萬狂言 ファミリー狂言会に初参加しました。以下、感想など。

柿山伏

近頃は小学校6年生の教科書に載っているとのこと。私が小学生の頃には「附子」が載っていた。
「附子」はストーリーが滑稽で単純に面白いと思うが、「柿山伏」の場合は動物の鳴き声(それも昔の表現)が出てきたりするので、言葉の面白さが小学生の好奇心をそそるのではないかな。

小笠原匡さんの解説

「首引」の解説で、鬼がかける狂言面を実際につけて鬼が人間を怖がらせる演技。小笠原さんが「どうです?怖いでしょう〜〜」と言うと子どもたち「怖くないーー笑」。子どもは正直だな(笑)。次にやはり同じ面をかけて今度は情けない演技。先ほどの怖い鬼と対比すると全く違う印象に、場内からほおぉーーと感嘆の息が漏れる。

次に「首引」に出てくるセリフをみんなで大きな声で言ってみるお稽古。小笠原さんが見本をやって見せ、後について復唱。小笠原さんが「これは嬉しそうに!怖そうに!痛そうに!」と言うんだけど、なかなかオーバーな表現は難しいみたい。やっぱり恥ずかしいのかな。

小笠原さんは観客をノセるのがとても上手い。子どもたちも楽しげに前のめりになって体験を楽しんでいた。

首引

人を喰らう恐ろしい鬼も可愛い娘には親バカになってしまうところが、鬼なのに人間くさくて可愛らしい。そういえば、「人くさい」という言葉は狂言では「美味しそうな人間のにおいがする」の意味と解説されていた。狂言に出てくる鬼は人間以上に人間っぽいところがあって面白い(人間の方がよっぽど鬼かと思うことがある)。

小鬼たちが姫鬼を加勢する場面のかけ声「えーいさらさ、えいさらさー」を一緒に声出していいですよ、と事前に小笠原さんに言われていたので、子どもたちの中には一緒にかけ声を掛ける子も。

上演後に「鬼が怖かった人ーー、可愛いと思った人ーー」と聞かれて、みんな「可愛いーー♡」と答えていた。この後、「えーいさらさ、えいさらさー」がしばらく頭を離れなくなる。

狂言たいそう

実はひそかにこれを楽しみにしてきた。河野佑紀さん始め、若手の狂言師の皆さんが舞台上に勢揃い。まず小学生までの子どもたちがその場で立つように促される。それ以外の大きい人達は場所が空いていたら立つ。

河野さんから個々の歌詞や動作の説明があって、音楽がかかる。おぉーー、音楽があるんだ!?と楽しい気分になってくる。歌は万蔵さん!手持ちのプログラムを見ると歌詞も万蔵さん作。振り付けは歌のおにいさんの佐藤弘道さんと一緒に作ったんだって。

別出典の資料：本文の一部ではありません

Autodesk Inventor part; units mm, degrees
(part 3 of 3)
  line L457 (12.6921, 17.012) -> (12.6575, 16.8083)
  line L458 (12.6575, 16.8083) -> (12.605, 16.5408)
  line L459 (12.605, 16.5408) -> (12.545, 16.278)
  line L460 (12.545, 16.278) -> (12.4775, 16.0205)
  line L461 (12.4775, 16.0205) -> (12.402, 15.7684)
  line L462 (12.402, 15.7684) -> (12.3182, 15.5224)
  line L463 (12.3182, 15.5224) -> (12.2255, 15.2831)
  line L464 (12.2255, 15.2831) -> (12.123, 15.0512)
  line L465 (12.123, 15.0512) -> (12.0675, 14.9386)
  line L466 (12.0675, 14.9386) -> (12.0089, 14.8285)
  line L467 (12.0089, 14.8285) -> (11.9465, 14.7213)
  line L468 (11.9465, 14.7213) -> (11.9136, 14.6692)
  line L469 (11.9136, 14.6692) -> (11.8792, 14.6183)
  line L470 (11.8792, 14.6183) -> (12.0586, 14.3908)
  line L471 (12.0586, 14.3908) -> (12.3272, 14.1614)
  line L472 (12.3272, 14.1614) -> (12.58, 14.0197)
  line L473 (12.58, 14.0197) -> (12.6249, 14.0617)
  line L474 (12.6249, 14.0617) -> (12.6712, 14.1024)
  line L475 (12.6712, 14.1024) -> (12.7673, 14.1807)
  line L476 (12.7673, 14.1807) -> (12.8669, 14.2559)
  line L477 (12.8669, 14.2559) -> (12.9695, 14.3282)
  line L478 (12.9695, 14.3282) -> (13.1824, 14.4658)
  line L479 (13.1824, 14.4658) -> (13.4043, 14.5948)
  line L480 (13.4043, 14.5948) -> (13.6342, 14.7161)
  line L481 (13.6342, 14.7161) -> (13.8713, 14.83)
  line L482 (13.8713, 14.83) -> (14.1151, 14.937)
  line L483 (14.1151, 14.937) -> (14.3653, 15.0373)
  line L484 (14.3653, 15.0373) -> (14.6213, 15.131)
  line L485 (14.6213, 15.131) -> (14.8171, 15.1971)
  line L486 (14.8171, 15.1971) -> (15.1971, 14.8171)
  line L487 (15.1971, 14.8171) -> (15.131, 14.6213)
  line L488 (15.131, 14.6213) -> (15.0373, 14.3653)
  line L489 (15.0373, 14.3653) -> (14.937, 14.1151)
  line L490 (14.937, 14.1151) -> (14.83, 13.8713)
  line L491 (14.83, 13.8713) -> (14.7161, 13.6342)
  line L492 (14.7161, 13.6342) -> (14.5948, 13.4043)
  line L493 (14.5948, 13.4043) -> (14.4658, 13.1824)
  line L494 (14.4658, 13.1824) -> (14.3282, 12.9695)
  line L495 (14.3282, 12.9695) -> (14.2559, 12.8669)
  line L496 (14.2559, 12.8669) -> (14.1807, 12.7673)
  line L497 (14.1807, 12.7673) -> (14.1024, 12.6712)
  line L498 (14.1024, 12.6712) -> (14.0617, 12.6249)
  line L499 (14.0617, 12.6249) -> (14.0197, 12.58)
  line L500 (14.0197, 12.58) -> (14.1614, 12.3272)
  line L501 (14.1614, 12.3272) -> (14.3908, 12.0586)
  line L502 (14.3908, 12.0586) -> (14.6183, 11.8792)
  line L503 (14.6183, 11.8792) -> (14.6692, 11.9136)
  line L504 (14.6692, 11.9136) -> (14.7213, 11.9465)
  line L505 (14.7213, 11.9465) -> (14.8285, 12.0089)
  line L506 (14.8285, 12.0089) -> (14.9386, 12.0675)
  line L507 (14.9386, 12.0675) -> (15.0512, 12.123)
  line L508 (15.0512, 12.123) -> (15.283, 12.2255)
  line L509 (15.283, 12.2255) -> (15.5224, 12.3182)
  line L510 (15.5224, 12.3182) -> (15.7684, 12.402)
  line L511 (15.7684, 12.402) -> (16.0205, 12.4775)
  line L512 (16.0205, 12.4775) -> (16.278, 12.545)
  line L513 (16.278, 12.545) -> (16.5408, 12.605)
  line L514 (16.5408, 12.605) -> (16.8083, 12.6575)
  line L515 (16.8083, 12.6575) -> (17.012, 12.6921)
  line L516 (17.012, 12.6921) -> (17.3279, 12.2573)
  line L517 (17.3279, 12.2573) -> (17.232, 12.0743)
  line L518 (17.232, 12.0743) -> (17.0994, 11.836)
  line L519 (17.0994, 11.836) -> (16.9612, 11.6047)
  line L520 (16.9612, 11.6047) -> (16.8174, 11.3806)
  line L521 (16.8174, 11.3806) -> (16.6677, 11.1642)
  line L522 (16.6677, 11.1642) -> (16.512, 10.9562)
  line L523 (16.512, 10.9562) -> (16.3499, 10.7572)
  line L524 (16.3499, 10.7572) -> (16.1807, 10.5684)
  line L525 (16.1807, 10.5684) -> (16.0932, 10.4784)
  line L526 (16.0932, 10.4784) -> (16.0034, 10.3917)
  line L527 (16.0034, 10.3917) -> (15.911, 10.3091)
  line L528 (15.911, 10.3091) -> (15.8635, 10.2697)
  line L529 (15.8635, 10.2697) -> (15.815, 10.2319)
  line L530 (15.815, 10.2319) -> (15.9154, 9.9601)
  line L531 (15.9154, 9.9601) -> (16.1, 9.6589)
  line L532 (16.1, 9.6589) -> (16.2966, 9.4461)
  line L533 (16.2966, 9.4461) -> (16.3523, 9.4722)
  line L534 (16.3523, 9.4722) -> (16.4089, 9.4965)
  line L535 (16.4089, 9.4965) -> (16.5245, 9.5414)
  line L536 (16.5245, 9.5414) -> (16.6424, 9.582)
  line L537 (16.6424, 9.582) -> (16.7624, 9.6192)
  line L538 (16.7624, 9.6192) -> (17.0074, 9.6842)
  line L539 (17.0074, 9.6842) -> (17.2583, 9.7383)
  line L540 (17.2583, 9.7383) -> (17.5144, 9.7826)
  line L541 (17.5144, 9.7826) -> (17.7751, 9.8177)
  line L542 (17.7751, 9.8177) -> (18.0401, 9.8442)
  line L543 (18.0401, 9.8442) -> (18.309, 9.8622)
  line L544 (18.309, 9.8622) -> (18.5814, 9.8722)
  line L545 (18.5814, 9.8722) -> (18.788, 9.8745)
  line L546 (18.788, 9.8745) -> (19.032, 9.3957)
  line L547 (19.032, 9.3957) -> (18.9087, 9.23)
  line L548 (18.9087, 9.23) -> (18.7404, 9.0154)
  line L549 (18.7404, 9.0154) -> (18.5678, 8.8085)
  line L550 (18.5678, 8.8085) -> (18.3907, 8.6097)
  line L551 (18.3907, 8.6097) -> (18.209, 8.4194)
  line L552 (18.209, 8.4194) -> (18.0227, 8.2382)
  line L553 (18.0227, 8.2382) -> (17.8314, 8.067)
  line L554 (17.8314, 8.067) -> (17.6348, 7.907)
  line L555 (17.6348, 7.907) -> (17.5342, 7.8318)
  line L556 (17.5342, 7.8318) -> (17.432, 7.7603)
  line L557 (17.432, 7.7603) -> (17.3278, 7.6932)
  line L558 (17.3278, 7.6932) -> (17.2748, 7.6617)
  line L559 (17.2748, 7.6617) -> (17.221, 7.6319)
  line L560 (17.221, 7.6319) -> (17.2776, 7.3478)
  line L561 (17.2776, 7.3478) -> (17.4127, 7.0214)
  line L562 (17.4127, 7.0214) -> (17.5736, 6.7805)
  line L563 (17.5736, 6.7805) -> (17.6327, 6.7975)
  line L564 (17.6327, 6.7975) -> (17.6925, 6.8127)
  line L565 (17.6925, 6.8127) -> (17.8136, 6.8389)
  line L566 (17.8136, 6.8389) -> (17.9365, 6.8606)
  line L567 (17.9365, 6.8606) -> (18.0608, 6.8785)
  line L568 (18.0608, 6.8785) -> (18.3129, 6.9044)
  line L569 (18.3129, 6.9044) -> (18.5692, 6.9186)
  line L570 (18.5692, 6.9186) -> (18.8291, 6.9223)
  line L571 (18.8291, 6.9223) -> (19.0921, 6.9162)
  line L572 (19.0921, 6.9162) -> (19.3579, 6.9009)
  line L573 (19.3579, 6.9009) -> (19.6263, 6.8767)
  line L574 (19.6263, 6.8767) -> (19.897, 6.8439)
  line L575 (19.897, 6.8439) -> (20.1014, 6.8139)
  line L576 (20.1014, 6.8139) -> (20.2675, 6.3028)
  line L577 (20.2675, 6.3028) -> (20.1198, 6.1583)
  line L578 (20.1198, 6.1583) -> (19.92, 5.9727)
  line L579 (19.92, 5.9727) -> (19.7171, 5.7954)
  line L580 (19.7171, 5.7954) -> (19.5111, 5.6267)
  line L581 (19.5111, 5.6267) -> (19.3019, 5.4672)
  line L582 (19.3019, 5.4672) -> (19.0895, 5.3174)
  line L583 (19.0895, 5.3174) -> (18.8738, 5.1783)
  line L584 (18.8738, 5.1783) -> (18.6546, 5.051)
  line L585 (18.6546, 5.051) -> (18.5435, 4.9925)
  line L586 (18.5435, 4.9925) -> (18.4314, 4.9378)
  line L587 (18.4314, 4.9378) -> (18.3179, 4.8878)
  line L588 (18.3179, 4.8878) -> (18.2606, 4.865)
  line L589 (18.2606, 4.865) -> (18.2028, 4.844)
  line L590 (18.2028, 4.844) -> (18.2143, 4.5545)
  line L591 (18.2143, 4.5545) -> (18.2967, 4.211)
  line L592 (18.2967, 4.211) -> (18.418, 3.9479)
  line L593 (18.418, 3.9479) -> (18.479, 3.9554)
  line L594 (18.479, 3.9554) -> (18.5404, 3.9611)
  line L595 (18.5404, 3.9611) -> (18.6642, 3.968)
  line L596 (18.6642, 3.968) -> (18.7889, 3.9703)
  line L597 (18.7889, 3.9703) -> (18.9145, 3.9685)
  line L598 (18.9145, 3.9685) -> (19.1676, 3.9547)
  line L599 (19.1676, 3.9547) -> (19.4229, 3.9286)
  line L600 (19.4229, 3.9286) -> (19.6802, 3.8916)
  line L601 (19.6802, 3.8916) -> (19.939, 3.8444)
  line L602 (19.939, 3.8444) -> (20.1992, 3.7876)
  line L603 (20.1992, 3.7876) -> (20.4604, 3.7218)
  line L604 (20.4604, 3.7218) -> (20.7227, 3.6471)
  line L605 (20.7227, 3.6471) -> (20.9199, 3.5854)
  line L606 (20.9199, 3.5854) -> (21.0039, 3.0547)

大人は誰も立っていなかったので座席に座ったままで一緒にたいそうした(本当は立ちたかった。笑)。狂言の台詞や動作がたくさん入っていて楽しかった。全国の小学校で流行らせたいな。

初めてファミリー狂言会に参加したが、子どもたちのお行儀が良い。騒ぐ子は一人もいなかった。大人の言うことをよく聞く良い子ばかりだ。でもちょっとおとなしかったかな。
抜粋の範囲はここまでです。